J.A Urtizberea : Cela reste en partie vrai. Il n’y a pas de CHU côté nord. De ce fait, cela limite l’accès à la recherche dite fondamentale. Il n’y a pas de laboratoire de recherche labellisé sur les myopathies à moins de 250 km. Mais c’est lié à l’organisation du territoire et au fait qu’on ne peut pas avoir d’universités partout. Côté sud, en revanche, il y a une ossature universitaire plus solide, à Bilbao et Saint Sébastien notamment, avec des gens de grande valeur qui font ce que l'on appelle de la recherche clinique. Cela consiste à bien étudier des malades et de faire des protocoles de recherche appliquée. Sur les douze dernières années qu'existe le réseau, nous avons pu mener quelques études de ce genre. Il est vrai qu’on est un peu loin des grosses 'usines' de Paris ou d'Evry (comme le Généthon). On collabore toutefois avec eux très régulièrement sur des cas de maladies comme la maladie de Steinert.
 
Où est en la recherche sur la myopathie ?

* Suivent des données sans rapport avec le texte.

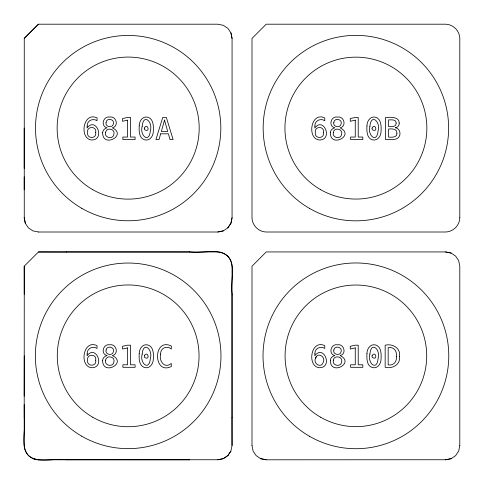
<?xml version="1.0" encoding="UTF-8"?>
<svg xmlns="http://www.w3.org/2000/svg" width="484" height="484" viewBox="0 0 484 484"><rect width="100%" height="100%" fill="white"/><g stroke="black" fill="none" stroke-linecap="round" stroke-linejoin="round"><path stroke-width="0.73" d="M24.2 168.353L24.2 128.103M24.2 396.142L24.261 355.837M232.066 217.776L230.947 223.312L227.837 227.837L230.886 223.312L232.066 217.776L232.066 38.436L230.947 32.894L227.897 28.368L223.372 25.319L217.776 24.2L38.436 24.2L24.2 38.436L38.49 24.2M217.776 459.8L223.312 458.681L227.897 455.571L230.886 451.106L232.066 445.51L232.005 417.547M315.604 358.045C312.688 363.327 321.195 368.881 323.185 362.462C326.143 357.023 317.758 351.541 315.604 358.045L316.427 356.406M459.8 445.51L458.681 451.106L455.632 455.632L451.106 458.681L445.564 459.8L451.106 458.681M227.837 455.632L230.886 451.106M38.436 232.005L217.83 232.005L223.312 230.886L227.897 227.837M223.312 458.681L227.897 455.571M217.83 232.005L223.312 230.886M223.372 458.62L217.83 459.739L38.436 459.8C30.782 459.649 24.351 453.218 24.2 445.564L24.261 266.17M230.947 32.894L232.066 38.436M24.2 189.752L24.2 176.896M25.319 223.312L24.2 217.776L25.319 223.312L28.368 227.837L32.894 230.886L38.49 232.005M38.436 251.995L217.83 251.934C225.483 252.085 231.915 258.517 232.066 266.17L232.005 445.564M459.8 445.564L459.8 266.17L458.681 260.628L455.632 256.103L451.106 253.053L445.564 251.934L266.224 251.934L251.995 266.224L251.995 445.564M251.995 445.51L253.114 451.106L256.163 455.632L260.688 458.681L266.224 459.8L445.564 459.739M66.514 251.934L189.752 251.995M189.813 251.934C202.082 254.106 217.28 247.475 227.837 256.163C236.525 266.72 229.894 281.918 232.066 294.187M66.453 251.995L38.49 251.934L24.2 266.224L24.261 294.187M66.514 459.739L189.752 459.8M66.453 459.8C54.184 457.628 38.986 464.259 28.429 455.571C19.741 445.014 26.372 429.816 24.2 417.547M32.954 458.62L38.436 459.8M232.005 294.248L232.066 417.486M24.2 404.684L24.261 417.486M451.106 253.053L445.564 251.934M266.224 459.8L260.688 458.681M24.261 38.436L24.261 217.776M142.181 126.385C139.446 135.248 149.266 144.129 150.361 130.692C153.095 121.817 143.264 112.935 142.181 126.385M142.181 354.119C139.446 362.982 149.266 371.863 150.361 358.426C153.095 349.551 143.264 340.669 142.181 354.119M369.915 126.385C367.181 135.248 377 144.129 378.095 130.692C380.829 121.817 370.998 112.935 369.915 126.385M369.915 354.119C367.181 362.982 377 371.863 378.095 358.426C380.829 349.551 370.998 340.669 369.915 354.119M139.223 125.876C138.95 130.747 138.896 138.061 144.601 139.822C149.846 141.292 153.41 135.865 153.319 131.2C153.591 126.318 153.634 119.003 147.922 117.243C142.677 115.773 139.12 121.206 139.223 125.876M139.223 353.61C138.95 358.481 138.896 365.795 144.601 367.556C149.846 369.026 153.41 363.599 153.319 358.934C153.591 354.052 153.634 346.738 147.922 344.977C142.677 343.507 139.12 348.94 139.223 353.61M160.67 354.143C158.619 361.088 164.808 369.08 171.288 363.46L171.288 366.527C152.926 375.487 152.956 337.076 171.288 346.012L171.288 349.073C167.258 345.086 159.986 348.159 160.67 354.143M366.957 125.876C366.684 130.747 366.63 138.061 372.335 139.822C377.581 141.292 381.144 135.865 381.053 131.2C381.325 126.318 381.368 119.003 375.657 117.243C370.411 115.773 366.854 121.206 366.957 125.876M366.957 353.61C366.684 358.481 366.63 365.795 372.335 367.556C377.581 369.026 381.144 363.599 381.053 358.934C381.325 354.052 381.368 346.738 375.657 344.977C370.411 343.507 366.854 348.94 366.957 353.61M396.354 356.272C397.291 361.342 393.492 366.079 388.168 364.851L388.168 347.651C393.522 346.411 397.304 351.19 396.354 356.272M87.174 126.07L87.084 128.024C95.838 116.184 105.633 139.828 91.766 140.003C78.783 138.932 83.151 111.084 97.036 117.951L97.036 120.71C92.934 117.872 86.769 120.697 87.174 126.07M87.174 353.804L87.084 355.758C95.838 343.918 105.633 367.562 91.766 367.737C78.783 366.666 83.151 338.818 97.036 345.685L97.036 348.444C92.934 345.606 86.769 348.432 87.174 353.804M314.909 126.07L314.818 128.024C323.572 116.184 333.367 139.828 319.5 140.003C306.517 138.932 310.885 111.084 324.77 117.951L324.77 120.71C320.668 117.872 314.503 120.697 314.909 126.07M314.909 353.804L314.818 355.758C323.572 343.918 333.367 367.562 319.5 367.737C306.517 366.666 310.885 338.818 324.77 345.685L324.77 348.444C320.668 345.606 314.503 348.432 314.909 353.804M95.705 132.477C97.03 139.156 86.43 139.053 87.598 132.477C86.43 125.907 97.03 125.804 95.705 132.477M95.705 360.211C97.03 366.89 86.43 366.787 87.598 360.211C86.43 353.641 97.03 353.538 95.705 360.211M323.439 132.477C324.764 139.156 314.164 139.053 315.332 132.477C314.164 125.907 324.764 125.804 323.439 132.477M399.512 356.272C400.794 364.579 392.433 369.104 385.161 367.308L385.161 345.195C392.457 343.392 400.8 347.96 399.512 356.272M399.203 123.075C399.403 125.386 397.679 127.582 395.319 127.74C398.731 128.054 400.589 131.799 399.851 134.915C398.399 141.122 390.092 139.344 385.591 139.573L385.591 117.461C390.025 117.261 399.161 116.245 399.203 123.075M102.632 132.537C102.299 148.594 127.734 135.32 112.361 127.83C119.173 126.451 116.414 115.755 109.741 117.061C103.074 115.767 100.333 126.457 107.139 127.83C104.81 128.236 102.862 130.154 102.632 132.537M102.632 360.271C102.299 376.328 127.734 363.054 112.361 355.565C119.173 354.185 116.414 343.489 109.741 344.796C103.074 343.501 100.333 354.191 107.139 355.565C104.81 355.97 102.862 357.888 102.632 360.271M330.366 132.537C330.034 148.594 355.468 135.32 340.095 127.83C346.907 126.451 344.148 115.755 337.475 117.061C330.808 115.767 328.067 126.457 334.874 127.83C332.544 128.236 330.596 130.154 330.366 132.537M330.366 360.271C330.034 376.328 355.468 363.054 340.095 355.565C346.907 354.185 344.148 343.489 337.475 344.796C330.808 343.501 328.067 354.191 334.874 355.565C332.544 355.97 330.596 357.888 330.366 360.271M106.117 122.228C104.58 126.977 112.76 128.581 113.383 123.91C114.944 119.118 106.71 117.485 106.117 122.228M106.117 349.962C104.58 354.711 112.76 356.315 113.383 351.644C114.944 346.853 106.71 345.219 106.117 349.962M333.851 122.228C332.314 126.977 340.494 128.581 341.117 123.91C342.678 119.118 334.444 117.485 333.851 122.228M333.851 349.962C332.314 354.711 340.494 356.315 341.117 351.644C342.678 346.853 334.444 345.219 333.851 349.962M105.633 132.392C103.866 137.861 113.208 139.87 113.867 134.334C115.628 128.871 106.305 126.881 105.633 132.392M105.633 360.126C103.866 365.595 113.208 367.604 113.867 362.068C115.628 356.605 106.305 354.615 105.633 360.126M333.367 132.392C331.601 137.861 340.942 139.87 341.601 134.334C343.362 128.871 334.039 126.881 333.367 132.392M333.367 360.126C331.601 365.595 340.942 367.604 341.601 362.068C343.362 356.605 334.039 354.615 333.367 360.126M396.178 123.075C396.505 127.165 391.241 126.802 388.598 126.59L388.598 119.917C391.06 119.899 396.348 119.112 396.178 123.075M396.965 133.203C397.316 137.722 391.538 137.323 388.598 137.117L388.598 129.016C391.683 128.635 397.334 128.677 396.965 133.203M144.329 128.072L144.323 128.877A1.9 1.9 0 0 0 144.849 129.887C150.681 132.858 147.463 122.343 144.329 128.072M144.329 355.807L144.323 356.611A1.9 1.9 0 0 0 144.849 357.622C150.681 360.592 147.463 350.077 144.329 355.807M372.063 128.072L372.057 128.877A1.9 1.9 0 0 0 372.583 129.887C378.415 132.858 375.197 122.343 372.063 128.072M372.063 355.807L372.057 356.611A1.9 1.9 0 0 0 372.583 357.622C378.415 360.592 375.197 350.077 372.063 355.807M459.8 217.776C459.649 225.429 453.218 231.854 445.564 232.005L266.224 232.005C258.571 231.854 252.146 225.429 251.995 217.776L251.995 38.436L266.224 24.2L445.564 24.2C453.218 24.351 459.649 30.782 459.8 38.436L459.8 217.776M160.64 133.814L159.036 139.573L155.945 139.573L162.715 117.461L166.345 117.461L173.109 139.573L170.017 139.573L168.384 133.814L160.64 133.814M164.524 120.099L161.366 131.418L167.676 131.418L164.524 120.099M127.528 120.159L122.519 121.284L122.519 118.562L127.498 117.461L130.486 117.461L130.486 137.057L135.078 137.057L135.078 139.573L122.875 139.573L122.875 137.057L127.528 137.057L127.528 120.159M355.262 120.159L350.259 121.284L350.259 118.562L355.232 117.461L358.221 117.461L358.221 137.057L362.812 137.057L362.812 139.573L350.61 139.573L350.61 137.057L355.262 137.057L355.262 120.159M127.528 347.893L122.519 349.018L122.519 346.296L127.498 345.195L130.486 345.195L130.486 364.791L135.078 364.791L135.078 367.308L122.875 367.308L122.875 364.791L127.528 364.791L127.528 347.893M355.262 347.893L350.259 349.018L350.259 346.296L355.232 345.195L358.221 345.195L358.221 364.791L362.812 364.791L362.812 367.308L350.61 367.308L350.61 364.791L355.262 364.791L355.262 347.893M309.53 208.41A92.728 92.728 0 0 0 448.626 128.103A92.728 92.728 0 0 0 309.53 47.795A92.728 92.728 0 0 0 309.53 208.41M81.76 436.205A92.801 92.801 0 0 0 220.964 355.837A92.801 92.801 0 0 0 81.76 275.469A92.801 92.801 0 0 0 81.76 436.205M92.722 417.226A70.882 70.882 0 0 0 199.045 355.837A70.882 70.882 0 0 0 92.722 294.453A70.882 70.882 0 0 0 92.722 417.226M320.42 189.553A70.954 70.954 0 0 0 426.852 128.103A70.954 70.954 0 0 0 320.42 66.659A70.954 70.954 0 0 0 320.42 189.553M309.457 436.265A92.874 92.874 0 0 0 448.771 355.837A92.874 92.874 0 0 0 309.457 275.408A92.874 92.874 0 0 0 309.457 436.265M81.832 208.35A92.662 92.662 0 0 0 220.819 128.103A92.662 92.662 0 0 0 81.832 47.862A92.662 92.662 0 0 0 81.832 208.35M320.493 417.16A70.809 70.809 0 0 0 426.706 355.837A70.809 70.809 0 0 0 320.493 294.514A70.809 70.809 0 0 0 320.493 417.16M92.65 189.613A71.027 71.027 0 0 0 199.184 128.103A71.027 71.027 0 0 0 92.65 66.592A71.027 71.027 0 0 0 92.65 189.613"/></g></svg>
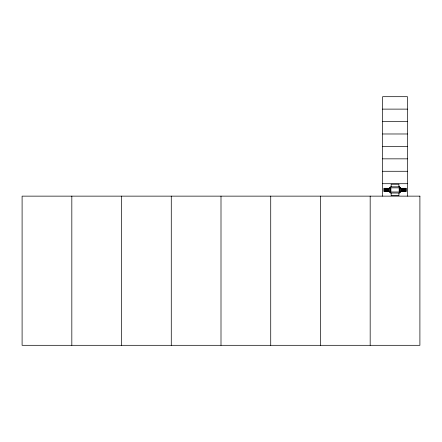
<?xml version="1.0" encoding="UTF-8"?>
<svg xmlns="http://www.w3.org/2000/svg" width="442" height="442" viewBox="0 0 442 442"><rect width="100%" height="100%" fill="white"/><g stroke="black" fill="none" stroke-linecap="round" stroke-linejoin="round"><path stroke-width="0.66" d="M384.33 188.955L384.33 189.397M384.33 190.447L384.33 190.889M385.877 188.756L385.551 188.756M385.551 191.088L385.877 191.088M404.524 188.756L404.198 188.756M404.198 191.088L404.524 191.088M382.606 109.119L407.469 109.119M382.606 121.55L407.469 121.55M382.606 133.981L407.469 133.981M382.606 146.412L407.469 146.412M382.606 158.844L407.469 158.844M382.606 171.275L407.469 171.275M382.606 183.706L407.469 183.706M390.374 187.59L389.601 187.59L389.601 192.253L390.374 192.253M399.701 187.59L400.474 187.59L400.474 192.253L399.701 192.253M389.629 187.657L390.341 187.657M400.446 187.657L399.734 187.657L399.734 192.187L400.446 192.187M389.601 188.303L384.098 188.303L384.098 191.541L389.601 191.474M400.474 188.303L405.977 188.303L405.977 191.541L400.474 191.474M384.159 188.369L389.601 188.369M400.474 188.369L405.916 188.369M384.192 188.629L388.789 188.629M401.286 188.629L405.883 188.629M384.192 188.756L388.789 188.756M401.286 188.756L405.883 188.756M384.192 189.535L384.617 189.662M385.744 189.535L386.175 189.662M386.523 189.535L387.236 189.629L387.236 188.369M388.076 189.535L388.789 189.596M402.06 189.535L402.772 189.629L402.772 188.369M403.618 189.535L404.043 189.662M404.391 189.535L405.104 189.629L405.17 188.369M405.17 189.535L405.883 189.596M384.617 189.596L384.905 189.629L384.905 188.369M385.684 189.596L384.971 189.535L384.971 188.369M386.175 189.596L386.457 189.596M387.728 189.596L388.015 189.596M401.999 189.596L401.286 189.535L401.286 188.369L401.253 189.662L405.916 189.662M403.264 189.596L403.552 189.629L403.552 188.369M404.043 189.596L404.331 189.596M384.159 189.662L388.822 189.662L388.789 188.369M384.159 190.182L388.822 190.182L388.789 191.474M405.916 190.182L401.253 190.182L401.253 191.474L401.286 190.182L401.568 190.248M384.192 190.248L384.905 190.309M384.905 191.474L384.938 190.182L385.684 190.309L385.684 191.474L385.717 190.182M385.744 190.248L386.457 190.309M386.523 190.215L387.236 190.309M387.303 190.248L388.015 190.309M402.347 190.248L402.06 190.215L402.06 191.474M402.772 191.474L402.806 190.182L403.552 190.309L403.552 191.474M403.618 190.248L404.331 190.309M404.391 190.248L404.679 190.248M405.17 190.215L405.883 190.309M388.789 190.309L388.076 190.215L388.015 191.474M402.772 190.309L402.347 190.182M384.192 191.088L388.789 191.088M401.286 191.088L405.883 191.088M384.192 191.215L388.789 191.215M401.286 191.215L405.883 191.215M389.629 192.187L390.341 192.187M407.469 196.137L407.469 96.688L382.606 96.688L382.606 196.137M405.916 188.303L405.916 191.541M405.137 190.182L405.17 191.474M405.104 188.369L405.104 189.662M405.104 191.474L405.104 190.309L404.679 190.182M404.331 188.369L404.331 189.662M404.364 190.182L404.331 191.474M403.618 188.369L403.585 189.662M403.618 190.182L403.618 191.474M403.264 189.662L402.839 189.535L402.839 188.369M402.839 190.182L402.839 191.474M402.06 188.369L402.032 189.662L401.999 188.369M401.999 191.474L401.999 190.309L401.568 190.182M398.922 186.817L398.922 184.226L391.153 184.226L391.153 186.817M398.922 193.032L398.922 195.618L391.153 195.618L391.153 193.032M388.076 188.369L388.015 189.662M387.728 189.662L387.303 189.535L387.303 188.369M387.303 191.474L387.303 190.182L387.236 191.474M386.523 188.369L386.457 189.662M386.49 190.182L386.457 191.474M384.971 190.182L384.971 191.474M384.159 188.303L384.159 191.541M370.175 196.137L370.175 345.312M320.45 196.137L320.45 345.312M270.725 196.137L270.725 345.312M221 196.137L221 345.312M171.275 196.137L171.275 345.312M121.55 196.137L121.55 345.312M71.825 196.137L71.825 345.312M399.701 186.817L390.374 186.817L390.374 193.027L399.701 193.032L399.701 186.817M399.181 187.85L390.894 187.85L390.894 191.994L399.181 191.994L399.181 187.85M419.9 196.137L22.1 196.137L22.1 345.312L419.9 345.312L419.9 196.137M385.717 189.662L385.744 188.369L385.684 189.662"/></g></svg>

J.A Urtizberea : Il y a énormément de choses qui ont été faites ces derniers temps, notamment au niveau des traitements destinés à guérir. Jusqu'ici, on était plutôt dans la compensation des déficiences et des situations de handicap. Nous avions quelques pistes pour essayer de guérir mais c’était très compliqué à mettre en place. Depuis deux ans, tout cela s’est accéléré. Au moins pour les deux maladies neuromusculaires les plus fréquentes. La myopathie de Duchenne, d’abord, avec deux médicaments innovants qui ont été approuvés par les agences. Cela concerne pour l'instant un tout petit nombre de patients dans le monde car il s'agit de thérapies très ciblés. Mais c’est certainement appelé à se développer.

Une avancée encore plus spectaculaire a été réalisée pour l’amyotrophie spinale infantile, une maladie très handicapante et souvent mortelle. Depuis un an, on a des preuves formelles qu’au moins un médicament en particulier donne des effets très tangibles. Alors que les gamins décédaient malheureusement en bas âge, ils survivent désormais. Et ceux qui survivaient déjà vont un peu mieux parce qu’ils ont la possibilité de bouger un peu plus. Nous ne sommes pas encore capables de les faire marcher de nouveau, il faut le reconnaître, mais tout ceci est très enthousiasmant tant pour les patients que pour les professionnels de santé. C’est une première avancée majeure dans le domaine après trente ans de travaux de recherche notamment en matière de génétique. Il y a encore plein d'autres molécules dans les cartons mais il faudra du temps, et de l'argent, pour pouvoir les expérimenter. Comme souvent en médecine, on avance à petits pas mais on avance. Pas question de reculer !

* L’Hôpital marin est spécialisé dans la prise en charge de patients adultes lourdement handicapés et porteurs de maladies rares neurologiques et endocrinologiques.